Exercise objective :: From the first line of the data below through the line bearing "model uneven surfaces", reproduce each line exactly; do not include pictures.

Extracted entries ::

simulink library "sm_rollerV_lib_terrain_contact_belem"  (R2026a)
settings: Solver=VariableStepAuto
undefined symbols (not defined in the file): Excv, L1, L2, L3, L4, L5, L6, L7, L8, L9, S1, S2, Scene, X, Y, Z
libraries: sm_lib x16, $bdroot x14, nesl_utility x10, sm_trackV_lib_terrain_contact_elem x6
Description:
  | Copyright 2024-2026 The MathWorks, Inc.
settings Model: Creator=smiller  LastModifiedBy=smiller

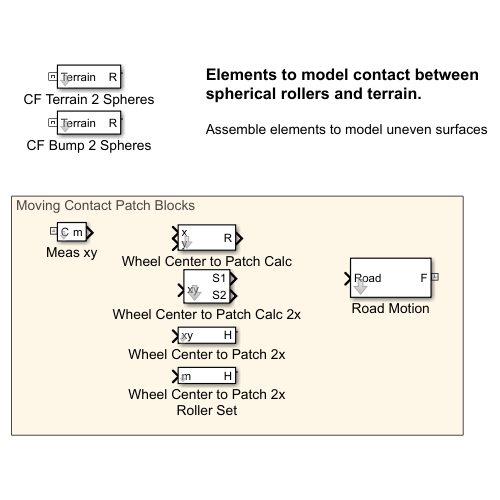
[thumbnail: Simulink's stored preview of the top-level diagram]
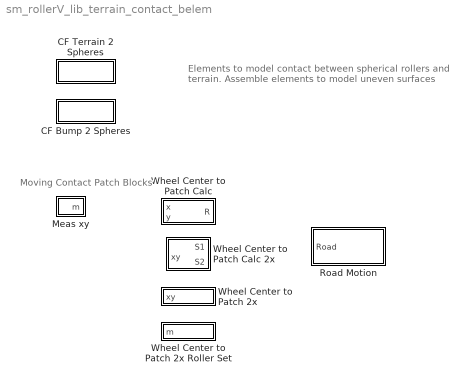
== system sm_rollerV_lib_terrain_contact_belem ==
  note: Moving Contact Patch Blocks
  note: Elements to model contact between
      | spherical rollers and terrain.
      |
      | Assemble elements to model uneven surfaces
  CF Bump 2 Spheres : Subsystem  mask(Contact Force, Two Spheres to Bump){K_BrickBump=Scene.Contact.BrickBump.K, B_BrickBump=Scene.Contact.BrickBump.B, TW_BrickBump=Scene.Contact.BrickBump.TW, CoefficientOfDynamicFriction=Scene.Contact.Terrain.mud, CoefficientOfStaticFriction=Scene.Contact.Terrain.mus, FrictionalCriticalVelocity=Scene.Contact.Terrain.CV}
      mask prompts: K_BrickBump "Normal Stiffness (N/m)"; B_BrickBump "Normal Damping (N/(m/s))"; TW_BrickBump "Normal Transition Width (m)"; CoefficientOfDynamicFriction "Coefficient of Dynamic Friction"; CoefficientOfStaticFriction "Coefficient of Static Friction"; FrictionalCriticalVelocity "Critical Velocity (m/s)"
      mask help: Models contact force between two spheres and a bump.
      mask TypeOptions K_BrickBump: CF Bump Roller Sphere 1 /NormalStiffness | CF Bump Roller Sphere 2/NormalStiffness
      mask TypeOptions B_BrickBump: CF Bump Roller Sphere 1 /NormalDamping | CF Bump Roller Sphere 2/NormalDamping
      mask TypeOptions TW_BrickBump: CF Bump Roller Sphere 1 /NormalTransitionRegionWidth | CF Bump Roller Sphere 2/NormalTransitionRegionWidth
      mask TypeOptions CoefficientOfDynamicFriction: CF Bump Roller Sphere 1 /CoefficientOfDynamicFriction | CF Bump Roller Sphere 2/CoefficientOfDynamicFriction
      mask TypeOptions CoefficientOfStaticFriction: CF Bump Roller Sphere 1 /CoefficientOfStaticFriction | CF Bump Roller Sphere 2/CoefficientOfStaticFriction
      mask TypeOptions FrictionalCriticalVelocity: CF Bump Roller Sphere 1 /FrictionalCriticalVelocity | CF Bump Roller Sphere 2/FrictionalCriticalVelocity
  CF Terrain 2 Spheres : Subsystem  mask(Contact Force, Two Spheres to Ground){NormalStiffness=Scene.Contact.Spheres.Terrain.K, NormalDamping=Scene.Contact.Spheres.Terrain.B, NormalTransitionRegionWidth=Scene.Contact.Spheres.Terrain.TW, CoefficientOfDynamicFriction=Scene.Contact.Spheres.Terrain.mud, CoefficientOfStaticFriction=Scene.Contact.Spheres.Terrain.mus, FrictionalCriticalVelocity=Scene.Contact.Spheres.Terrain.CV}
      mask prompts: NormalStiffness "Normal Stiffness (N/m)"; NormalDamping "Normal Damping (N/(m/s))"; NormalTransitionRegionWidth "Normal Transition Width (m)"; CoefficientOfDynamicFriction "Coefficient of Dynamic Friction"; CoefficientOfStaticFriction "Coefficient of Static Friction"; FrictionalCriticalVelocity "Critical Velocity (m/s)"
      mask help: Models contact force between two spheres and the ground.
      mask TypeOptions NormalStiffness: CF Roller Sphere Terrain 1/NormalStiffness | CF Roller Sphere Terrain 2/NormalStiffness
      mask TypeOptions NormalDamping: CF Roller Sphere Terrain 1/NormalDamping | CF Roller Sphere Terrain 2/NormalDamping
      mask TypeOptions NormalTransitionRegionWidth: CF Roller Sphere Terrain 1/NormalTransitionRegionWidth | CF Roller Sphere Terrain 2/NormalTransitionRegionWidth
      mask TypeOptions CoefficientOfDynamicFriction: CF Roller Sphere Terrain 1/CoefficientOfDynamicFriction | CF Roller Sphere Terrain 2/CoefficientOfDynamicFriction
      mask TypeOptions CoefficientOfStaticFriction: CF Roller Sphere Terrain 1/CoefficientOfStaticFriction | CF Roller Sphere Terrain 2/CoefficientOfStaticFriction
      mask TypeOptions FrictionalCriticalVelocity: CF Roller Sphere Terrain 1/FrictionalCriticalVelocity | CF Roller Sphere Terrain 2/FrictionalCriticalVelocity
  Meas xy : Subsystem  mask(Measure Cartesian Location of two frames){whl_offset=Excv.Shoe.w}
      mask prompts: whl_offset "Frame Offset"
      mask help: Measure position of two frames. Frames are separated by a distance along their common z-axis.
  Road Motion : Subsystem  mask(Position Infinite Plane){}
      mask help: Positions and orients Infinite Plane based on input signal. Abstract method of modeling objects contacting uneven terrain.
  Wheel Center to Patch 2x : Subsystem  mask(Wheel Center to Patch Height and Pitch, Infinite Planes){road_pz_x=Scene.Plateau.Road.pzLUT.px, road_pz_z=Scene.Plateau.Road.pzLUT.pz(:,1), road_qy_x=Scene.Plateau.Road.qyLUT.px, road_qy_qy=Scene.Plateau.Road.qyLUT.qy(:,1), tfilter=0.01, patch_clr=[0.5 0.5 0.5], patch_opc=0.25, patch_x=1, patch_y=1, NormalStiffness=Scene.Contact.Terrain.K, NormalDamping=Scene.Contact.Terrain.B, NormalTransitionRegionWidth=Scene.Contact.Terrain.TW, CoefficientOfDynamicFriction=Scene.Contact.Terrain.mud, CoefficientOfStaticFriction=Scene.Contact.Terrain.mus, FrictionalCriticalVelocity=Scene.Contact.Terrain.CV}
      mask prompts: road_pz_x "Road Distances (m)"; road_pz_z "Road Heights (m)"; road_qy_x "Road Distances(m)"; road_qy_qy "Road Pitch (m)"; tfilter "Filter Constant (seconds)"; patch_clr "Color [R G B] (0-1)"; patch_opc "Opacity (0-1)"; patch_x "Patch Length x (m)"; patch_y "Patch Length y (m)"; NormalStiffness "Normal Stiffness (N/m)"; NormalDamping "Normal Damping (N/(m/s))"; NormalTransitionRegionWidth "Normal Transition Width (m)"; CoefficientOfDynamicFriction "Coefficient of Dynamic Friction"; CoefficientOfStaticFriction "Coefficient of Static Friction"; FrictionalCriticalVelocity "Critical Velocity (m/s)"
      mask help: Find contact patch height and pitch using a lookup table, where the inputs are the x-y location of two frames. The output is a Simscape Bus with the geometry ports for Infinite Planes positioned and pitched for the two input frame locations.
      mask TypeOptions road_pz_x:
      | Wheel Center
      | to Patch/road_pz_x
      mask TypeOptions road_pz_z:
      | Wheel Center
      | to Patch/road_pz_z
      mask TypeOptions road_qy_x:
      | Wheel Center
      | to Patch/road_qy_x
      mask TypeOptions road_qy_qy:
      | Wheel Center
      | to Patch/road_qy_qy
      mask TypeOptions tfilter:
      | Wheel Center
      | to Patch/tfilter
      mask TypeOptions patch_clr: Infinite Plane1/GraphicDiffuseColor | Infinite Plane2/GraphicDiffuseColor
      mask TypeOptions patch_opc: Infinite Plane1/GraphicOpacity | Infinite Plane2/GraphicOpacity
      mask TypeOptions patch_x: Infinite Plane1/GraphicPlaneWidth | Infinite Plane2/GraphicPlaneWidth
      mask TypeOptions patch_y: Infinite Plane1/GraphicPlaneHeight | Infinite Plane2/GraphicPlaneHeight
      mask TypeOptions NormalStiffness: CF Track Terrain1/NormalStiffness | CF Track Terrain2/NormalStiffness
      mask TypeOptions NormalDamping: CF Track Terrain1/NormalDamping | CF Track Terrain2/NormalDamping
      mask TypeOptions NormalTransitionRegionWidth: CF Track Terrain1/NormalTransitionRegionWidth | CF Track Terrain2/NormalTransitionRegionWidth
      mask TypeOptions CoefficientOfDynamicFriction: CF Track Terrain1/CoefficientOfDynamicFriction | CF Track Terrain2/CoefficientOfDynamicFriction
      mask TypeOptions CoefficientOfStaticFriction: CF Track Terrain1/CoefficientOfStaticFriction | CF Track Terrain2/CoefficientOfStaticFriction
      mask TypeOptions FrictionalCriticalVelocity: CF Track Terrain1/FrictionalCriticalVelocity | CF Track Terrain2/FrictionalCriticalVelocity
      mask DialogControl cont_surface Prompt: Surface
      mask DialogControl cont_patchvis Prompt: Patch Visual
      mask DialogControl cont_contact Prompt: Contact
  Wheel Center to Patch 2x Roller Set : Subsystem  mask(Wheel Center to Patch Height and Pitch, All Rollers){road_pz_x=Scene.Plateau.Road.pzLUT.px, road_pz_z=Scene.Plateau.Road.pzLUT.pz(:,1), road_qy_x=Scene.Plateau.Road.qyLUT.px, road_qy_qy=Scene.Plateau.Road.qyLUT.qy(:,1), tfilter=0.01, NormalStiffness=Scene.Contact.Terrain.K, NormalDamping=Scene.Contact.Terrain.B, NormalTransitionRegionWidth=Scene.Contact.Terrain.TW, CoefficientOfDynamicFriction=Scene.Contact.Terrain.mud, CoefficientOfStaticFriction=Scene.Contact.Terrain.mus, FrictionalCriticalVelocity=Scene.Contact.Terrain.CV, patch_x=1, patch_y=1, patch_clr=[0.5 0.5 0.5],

Written answer ::
simulink library "sm_rollerV_lib_terrain_contact_belem"  (R2026a)
settings: Solver=VariableStepAuto
undefined symbols (not defined in the file): Excv, L1, L2, L3, L4, L5, L6, L7, L8, L9, S1, S2, Scene, X, Y, Z
libraries: sm_lib x16, $bdroot x14, nesl_utility x10, sm_trackV_lib_terrain_contact_elem x6
Description:
  | Copyright 2024-2026 The MathWorks, Inc.
settings Model: Creator=smiller  LastModifiedBy=smiller

[thumbnail: Simulink's stored preview of the top-level diagram]
== system sm_rollerV_lib_terrain_contact_belem ==
  note: Moving Contact Patch Blocks
  note: Elements to model contact between
      | spherical rollers and terrain.
      |
      | Assemble elements to model uneven surfaces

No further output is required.